The "Stars and Bars" flag was still displayed at Mizzou in the late '60s. In an interview on KCUR, Kansas City's NPR affiliate, Leonard Graham, an African American engineer in Kansas City, and a University of Missouri alumnus, described the "black flag incident" to host Gina Kaufmann.

Graham was one of 300 black students out of a student body he reported at around 25,000. At football games at half-time, after the marching band played "Dixie," spectators would wave Confederate flags. A fraternity would hoist a large Confederate flag that took two boys to hold.

In the incident Graham described, some African American students dyed a dorm bed sheet black, and hid it. At one of the televised football games, the black flag was displayed at half-time. A campus security officer asked the students to take it down. When he "unholstered" his service revolver, the black flag came down. But the Confederate flags and the singing of "Dixie" were ultimately banned.

I was amazed at this story. The South is one thing, but the Midwest is another. Or is it? As Graham pointed out during the show, "Central Standard," Missouri was a slave state, and "vestiges" of that heritage remain.

The Nov. 15 Kansas City Star reported a revealing statement from Shawn Alexander, an associate professor in African and African-American Studies at the University of Kansas: "Now you've got second-generation black students who tell their parents what they're seeing, and those parents say that's the same thing they experienced.
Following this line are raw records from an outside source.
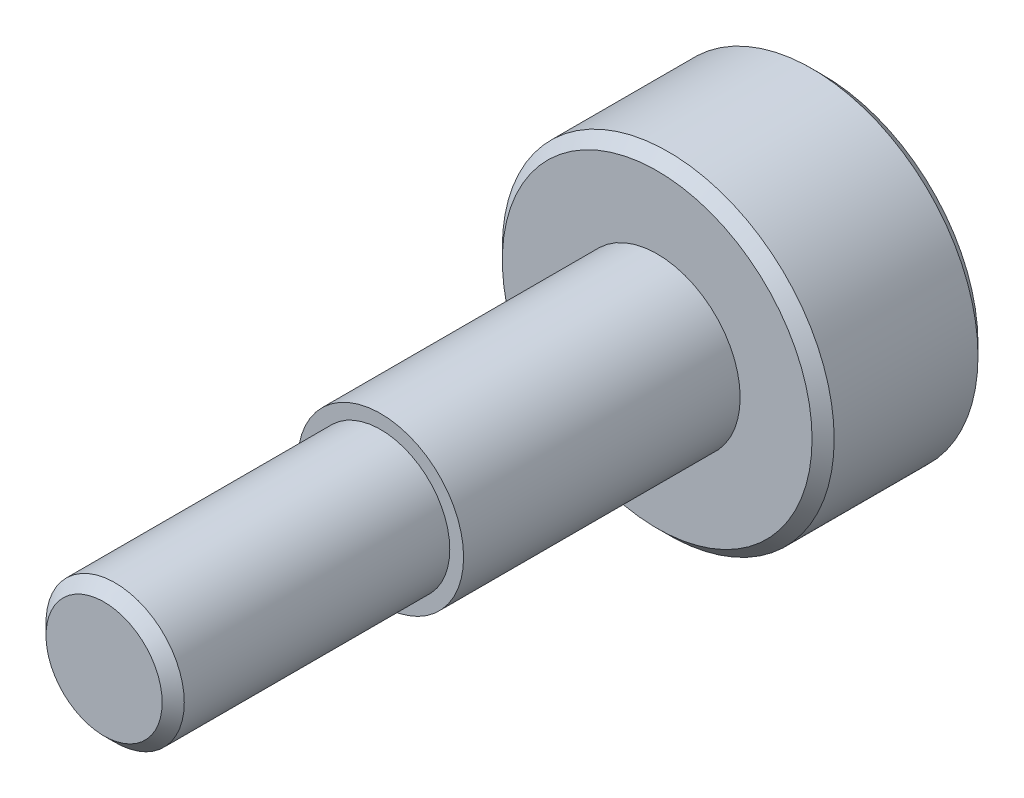
from build123d import *

# Parameters (mm, degrees)
SKETCH_1_R      = 3
EXTRUDE_1_DEPTH = 3
SKETCH_2_R      = 1.5
EXTRUDE_2_DEPTH = 5
SKETCH_3_R      = 1.25
EXTRUDE_3_DEPTH = 5
CHAMFER_1_SIZE  = 0.2


with BuildPart() as part:
    # 草图1 → 凸台-拉伸1 (new body)
    with BuildSketch(Plane.XY):
        Circle(SKETCH_1_R)
    extrude(amount=EXTRUDE_1_DEPTH)

    # 草图2 → 凸台-拉伸2 (add)
    with BuildSketch(Plane.XY.offset(3)):
        Circle(SKETCH_2_R)
    extrude(amount=EXTRUDE_2_DEPTH)

    # 草图3 → 凸台-拉伸3 (add)
    with BuildSketch(Plane.XY.offset(8)):
        Circle(SKETCH_3_R)
    extrude(amount=EXTRUDE_3_DEPTH)

    # 倒角1
    chamfer_1_edges = [part.edges().sort_by_distance(p)[0] for p in [
        (-1.25, 0, 13),
        (-3, 0, 0),
        (-3, 0, 3),
    ]]
    chamfer(chamfer_1_edges, length=CHAMFER_1_SIZE)


solid = part.part

There's a particular frustration to that."

We are not a post-racial society, despite the election of our first African American president. Some of the raw displays of racism we have witnessed since Obama's election -- and toward the President himself -- signal that along with what we hoped would be a new era comes a frightening backlash from an older one.

Much has changed, but bedrock prejudice remains. Perhaps the claim that we live in a "post-racial society" is an expression of hope, and maintaining hope is nothing short of a moral imperative in today's uncertain world. I suspect, however, that the term "post-racial society" is also an expression of denial, an invitation to turn away from reality and pretend that racial equality has been achieved.

Recent events prove the term "post-racial" to be premature.